At that point you have to normalize the -j567 ohms to -j(567/600)
= -j0.945
on the smith chart (you normalize to Zo for it to calculate properly).
This
abrupt switch increases the angle from 10 degrees to arctan (0.945)) or
43
degrees. I think the effect to look for is that the abrupt impedance
change
when Zo changes. A lumped component is not enough to make the model
correct.
Comments welcome
I follow the arithmetic, and it still has a certain attractiveness
but how can it make such a difference how the -j567 is produced.

What if you were offerred 3 black boxes, each labelled -j567?
Would it make much difference what was in them?
How does one compute the phase shift at the terminals?

I use the smith chart in my response.

If you have 3 black boxes each labeled "input impedance = -j567", they could
contain a number of different things but since I am using the smith chart,
they will contain 3 different lengths of open transmission lines.

Box 1 contains 10 degrees length at 4MHz of 100 ohm transmission line.

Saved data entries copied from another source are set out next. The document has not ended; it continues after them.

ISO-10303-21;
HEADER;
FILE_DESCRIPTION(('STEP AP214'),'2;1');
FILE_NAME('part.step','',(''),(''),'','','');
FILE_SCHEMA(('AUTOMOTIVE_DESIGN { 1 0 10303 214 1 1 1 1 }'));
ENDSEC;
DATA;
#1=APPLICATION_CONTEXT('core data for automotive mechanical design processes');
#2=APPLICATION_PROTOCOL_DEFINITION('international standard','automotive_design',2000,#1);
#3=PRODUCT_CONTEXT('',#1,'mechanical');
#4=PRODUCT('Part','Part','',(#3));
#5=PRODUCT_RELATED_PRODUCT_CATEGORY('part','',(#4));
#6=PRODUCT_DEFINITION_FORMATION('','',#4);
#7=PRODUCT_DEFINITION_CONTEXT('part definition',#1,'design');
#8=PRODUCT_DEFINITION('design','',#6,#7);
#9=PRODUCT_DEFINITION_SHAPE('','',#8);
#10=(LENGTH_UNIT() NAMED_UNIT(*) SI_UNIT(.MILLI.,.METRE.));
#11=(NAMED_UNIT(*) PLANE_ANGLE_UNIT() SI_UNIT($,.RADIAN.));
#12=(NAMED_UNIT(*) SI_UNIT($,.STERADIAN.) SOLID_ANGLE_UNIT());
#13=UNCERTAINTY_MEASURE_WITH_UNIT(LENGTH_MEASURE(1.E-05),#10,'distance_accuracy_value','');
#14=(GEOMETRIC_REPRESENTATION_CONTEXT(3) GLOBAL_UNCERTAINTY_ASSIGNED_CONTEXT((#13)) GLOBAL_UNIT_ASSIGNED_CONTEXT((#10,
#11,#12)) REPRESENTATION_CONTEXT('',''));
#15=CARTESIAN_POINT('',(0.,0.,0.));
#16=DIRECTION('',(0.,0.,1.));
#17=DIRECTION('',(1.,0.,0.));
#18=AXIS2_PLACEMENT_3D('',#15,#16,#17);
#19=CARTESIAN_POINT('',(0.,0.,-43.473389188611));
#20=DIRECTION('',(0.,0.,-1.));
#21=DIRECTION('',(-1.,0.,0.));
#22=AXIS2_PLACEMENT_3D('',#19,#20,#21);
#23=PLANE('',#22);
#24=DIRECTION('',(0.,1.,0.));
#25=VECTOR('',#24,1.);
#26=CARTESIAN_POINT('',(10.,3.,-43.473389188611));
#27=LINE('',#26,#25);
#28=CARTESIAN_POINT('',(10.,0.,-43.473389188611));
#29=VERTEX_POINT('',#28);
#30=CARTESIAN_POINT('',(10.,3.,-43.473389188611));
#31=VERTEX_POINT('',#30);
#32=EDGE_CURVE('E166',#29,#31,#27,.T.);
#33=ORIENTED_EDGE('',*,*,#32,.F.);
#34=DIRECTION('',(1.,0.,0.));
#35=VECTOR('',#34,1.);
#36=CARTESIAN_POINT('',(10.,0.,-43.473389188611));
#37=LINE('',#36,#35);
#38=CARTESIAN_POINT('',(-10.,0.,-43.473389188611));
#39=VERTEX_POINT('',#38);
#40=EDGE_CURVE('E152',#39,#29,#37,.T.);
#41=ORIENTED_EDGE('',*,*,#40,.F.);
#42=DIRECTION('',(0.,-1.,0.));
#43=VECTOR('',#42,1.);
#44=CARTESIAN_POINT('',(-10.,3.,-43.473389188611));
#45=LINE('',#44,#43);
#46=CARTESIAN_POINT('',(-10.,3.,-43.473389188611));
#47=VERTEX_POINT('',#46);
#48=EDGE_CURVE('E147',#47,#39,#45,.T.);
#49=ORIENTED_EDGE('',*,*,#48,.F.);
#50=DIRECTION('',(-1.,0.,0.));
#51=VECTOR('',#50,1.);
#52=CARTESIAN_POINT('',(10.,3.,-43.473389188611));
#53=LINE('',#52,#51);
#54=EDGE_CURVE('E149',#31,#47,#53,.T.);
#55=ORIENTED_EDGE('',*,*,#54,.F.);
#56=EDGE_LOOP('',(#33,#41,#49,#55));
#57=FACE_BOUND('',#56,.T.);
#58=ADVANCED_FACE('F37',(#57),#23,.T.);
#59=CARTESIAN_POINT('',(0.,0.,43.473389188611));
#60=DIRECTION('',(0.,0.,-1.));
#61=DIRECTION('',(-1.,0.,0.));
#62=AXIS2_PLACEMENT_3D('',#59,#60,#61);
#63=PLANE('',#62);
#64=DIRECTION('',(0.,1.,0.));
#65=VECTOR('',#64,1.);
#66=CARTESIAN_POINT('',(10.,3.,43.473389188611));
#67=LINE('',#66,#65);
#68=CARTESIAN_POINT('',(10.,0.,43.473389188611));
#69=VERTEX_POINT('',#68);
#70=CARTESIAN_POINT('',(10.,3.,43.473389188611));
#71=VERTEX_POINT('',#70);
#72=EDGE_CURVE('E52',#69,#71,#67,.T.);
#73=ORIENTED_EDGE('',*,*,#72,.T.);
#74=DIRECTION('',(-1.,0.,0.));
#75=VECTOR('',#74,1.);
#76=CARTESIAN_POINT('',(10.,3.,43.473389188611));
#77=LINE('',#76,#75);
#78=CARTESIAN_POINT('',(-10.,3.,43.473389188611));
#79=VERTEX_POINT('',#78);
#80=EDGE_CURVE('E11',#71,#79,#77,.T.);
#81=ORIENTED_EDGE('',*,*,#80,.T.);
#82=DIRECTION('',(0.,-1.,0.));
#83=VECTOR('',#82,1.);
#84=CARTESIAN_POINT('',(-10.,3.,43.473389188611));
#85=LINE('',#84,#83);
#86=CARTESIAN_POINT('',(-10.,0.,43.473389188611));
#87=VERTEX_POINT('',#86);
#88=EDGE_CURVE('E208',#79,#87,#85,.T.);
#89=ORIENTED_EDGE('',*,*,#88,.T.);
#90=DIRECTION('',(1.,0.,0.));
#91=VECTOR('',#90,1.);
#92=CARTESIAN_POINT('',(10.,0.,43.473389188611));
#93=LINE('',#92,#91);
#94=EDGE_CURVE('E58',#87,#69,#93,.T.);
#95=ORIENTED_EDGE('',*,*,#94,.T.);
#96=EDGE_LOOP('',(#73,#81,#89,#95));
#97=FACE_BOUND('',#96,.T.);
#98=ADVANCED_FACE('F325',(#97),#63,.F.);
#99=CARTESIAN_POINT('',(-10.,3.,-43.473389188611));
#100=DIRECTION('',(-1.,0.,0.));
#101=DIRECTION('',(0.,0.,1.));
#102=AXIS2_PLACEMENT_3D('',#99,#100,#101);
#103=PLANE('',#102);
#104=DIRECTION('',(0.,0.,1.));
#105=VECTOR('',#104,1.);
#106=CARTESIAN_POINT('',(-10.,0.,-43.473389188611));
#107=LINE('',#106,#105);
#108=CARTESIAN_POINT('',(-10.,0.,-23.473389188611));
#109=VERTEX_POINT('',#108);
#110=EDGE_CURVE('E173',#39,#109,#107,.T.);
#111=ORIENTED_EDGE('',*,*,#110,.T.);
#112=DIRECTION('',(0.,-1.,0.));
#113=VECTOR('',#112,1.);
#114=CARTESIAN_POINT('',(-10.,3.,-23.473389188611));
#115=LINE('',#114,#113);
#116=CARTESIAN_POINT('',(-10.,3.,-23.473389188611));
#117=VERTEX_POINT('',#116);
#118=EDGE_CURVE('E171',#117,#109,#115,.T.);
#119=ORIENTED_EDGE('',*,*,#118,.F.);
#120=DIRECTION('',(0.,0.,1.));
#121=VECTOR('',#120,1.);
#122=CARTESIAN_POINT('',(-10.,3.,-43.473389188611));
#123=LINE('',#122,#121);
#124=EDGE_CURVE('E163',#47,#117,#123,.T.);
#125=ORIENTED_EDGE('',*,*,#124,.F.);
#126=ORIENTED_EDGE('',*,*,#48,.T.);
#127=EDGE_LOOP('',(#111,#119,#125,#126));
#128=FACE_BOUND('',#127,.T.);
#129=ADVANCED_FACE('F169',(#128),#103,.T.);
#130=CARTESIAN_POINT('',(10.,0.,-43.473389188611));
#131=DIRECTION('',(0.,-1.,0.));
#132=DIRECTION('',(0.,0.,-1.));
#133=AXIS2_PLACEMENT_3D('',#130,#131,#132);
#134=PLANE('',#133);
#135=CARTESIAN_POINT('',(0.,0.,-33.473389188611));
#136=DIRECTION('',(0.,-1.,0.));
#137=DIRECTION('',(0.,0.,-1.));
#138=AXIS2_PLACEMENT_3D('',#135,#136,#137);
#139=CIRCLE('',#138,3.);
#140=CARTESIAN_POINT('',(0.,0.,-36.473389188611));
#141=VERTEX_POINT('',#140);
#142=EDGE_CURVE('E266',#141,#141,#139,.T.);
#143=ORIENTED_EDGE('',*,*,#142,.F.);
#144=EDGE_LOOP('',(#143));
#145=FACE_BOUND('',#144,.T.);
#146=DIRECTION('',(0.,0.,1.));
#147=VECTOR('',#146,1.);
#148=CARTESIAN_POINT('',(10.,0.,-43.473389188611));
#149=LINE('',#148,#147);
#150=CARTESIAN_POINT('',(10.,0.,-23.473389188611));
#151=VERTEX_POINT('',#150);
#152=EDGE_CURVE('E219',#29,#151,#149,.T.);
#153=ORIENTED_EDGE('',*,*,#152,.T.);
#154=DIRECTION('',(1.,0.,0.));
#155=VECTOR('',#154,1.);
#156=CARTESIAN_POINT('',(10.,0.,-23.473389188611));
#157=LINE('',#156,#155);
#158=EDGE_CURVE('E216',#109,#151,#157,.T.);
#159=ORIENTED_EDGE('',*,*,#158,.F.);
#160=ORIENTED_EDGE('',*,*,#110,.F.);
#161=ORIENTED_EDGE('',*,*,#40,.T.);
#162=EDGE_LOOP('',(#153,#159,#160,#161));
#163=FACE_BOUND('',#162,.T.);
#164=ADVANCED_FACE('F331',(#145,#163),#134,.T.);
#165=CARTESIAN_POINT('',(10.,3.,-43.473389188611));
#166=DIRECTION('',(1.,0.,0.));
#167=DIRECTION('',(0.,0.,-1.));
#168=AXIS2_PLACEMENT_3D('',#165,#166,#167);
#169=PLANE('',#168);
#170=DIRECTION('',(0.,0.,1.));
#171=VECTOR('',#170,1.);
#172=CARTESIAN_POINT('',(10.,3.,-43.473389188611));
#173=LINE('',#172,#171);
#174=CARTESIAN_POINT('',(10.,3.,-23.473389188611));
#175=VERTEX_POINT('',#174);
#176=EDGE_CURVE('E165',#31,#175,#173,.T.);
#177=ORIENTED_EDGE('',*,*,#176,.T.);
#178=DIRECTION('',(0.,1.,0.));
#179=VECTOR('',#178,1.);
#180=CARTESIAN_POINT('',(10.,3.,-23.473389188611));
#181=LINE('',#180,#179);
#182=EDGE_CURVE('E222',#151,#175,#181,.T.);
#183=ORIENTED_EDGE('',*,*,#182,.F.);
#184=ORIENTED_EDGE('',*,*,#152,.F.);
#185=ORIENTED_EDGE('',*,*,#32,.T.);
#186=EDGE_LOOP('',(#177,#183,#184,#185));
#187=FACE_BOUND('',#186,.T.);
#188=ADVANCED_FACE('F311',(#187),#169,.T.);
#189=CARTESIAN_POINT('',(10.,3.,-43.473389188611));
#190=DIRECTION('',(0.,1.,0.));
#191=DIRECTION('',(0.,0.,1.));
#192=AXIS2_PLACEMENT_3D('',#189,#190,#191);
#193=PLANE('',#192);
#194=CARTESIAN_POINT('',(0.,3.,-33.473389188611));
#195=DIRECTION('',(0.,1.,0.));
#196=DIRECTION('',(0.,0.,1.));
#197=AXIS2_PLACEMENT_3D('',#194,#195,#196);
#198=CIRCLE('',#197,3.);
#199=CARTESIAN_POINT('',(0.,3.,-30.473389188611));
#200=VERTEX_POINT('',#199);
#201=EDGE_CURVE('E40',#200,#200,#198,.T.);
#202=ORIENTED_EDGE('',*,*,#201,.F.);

Based
on VF=1, this line would be 3/4*E10E2*10/360 = 2.08m long.

On the smith chart, plot from circle 10 degrees (transmission coefficient)
and read -j5.67. Normalize to 1 = 100. The impedance at the input of the
line is -j567. Label this box "input impedance = -j567".

Box 2 contains 19.2 degrees length at 4MHz of 200 ohm transmission line.
Based on VF=1, this line would be 3/4*10E2*19.2/360 = 4.0m long

On the smith chart, plot from infinte impedance circle 19.2 degrees
(transmission coefficient) and read -j2.84. Normalize to 1 = 200. The
impedance at the input of the line is -j(200*2.84) = -j567. Label this box
"input impedance = -j567".

Box 3 contains 27.2 degrees at 4MHz of 300 ohm transmission line. Based on
VF=1, this line would be 3/4*10E2*27.2/360 = 5.67m long.

On the smith chart, plot from infinte impedance circle 27.2 degrees
(transmission coefficient) and read -j1.89. Normalize to 1 = 300. The
impedance at the input of the line is -j(300*1.89) = -j567. Label this box
"input impedance = -j567".

So, do all boxres labeled "input impedance =-j567 ohm" transmission lines
behave the same when connected to the 600 ohm transmission line?

No.

For each of these, impedance at the discontinuity will be -j567. However,
each has different electrical lengths, thus the 600 ohm line connecting to
it will have to be cut to different electrical lengths, for all of the
degrees to add to 90 total.

You can only say that all -j567 of a given Zo will affect phase shifts in
connected 600 ohms lines in the same way.

So far, I find this very interesting. Not all -j567 impedors are equal when
it comes to transmission lines.

Wait a second.

You have three black boxes, all of which present an impedance of -j567
ohms at some frequency.

And you say that you can tell the difference between these boxes by
connecting a 600 ohm line to each one? If so, please detail exactly what
you would measure, and where, which would be different for the three
boxes. I maintain that there is no test you can devise at steady state
at one frequency (where they're all -j567 ohms) which would enable you
to tell them apart. I'll add a fourth box containing only a capacitor
and include that in the challenge.

If you agree with me that you can't tell them apart but that connecting
a 600 ohm line gives different numbers of "electrical degrees", then I'd
like to hear your definition of "electrical degrees" because it would
have to be something that's different for the different boxes yet you
can't tell the difference by any measurement or observation.

Roy Lewallen, W7EL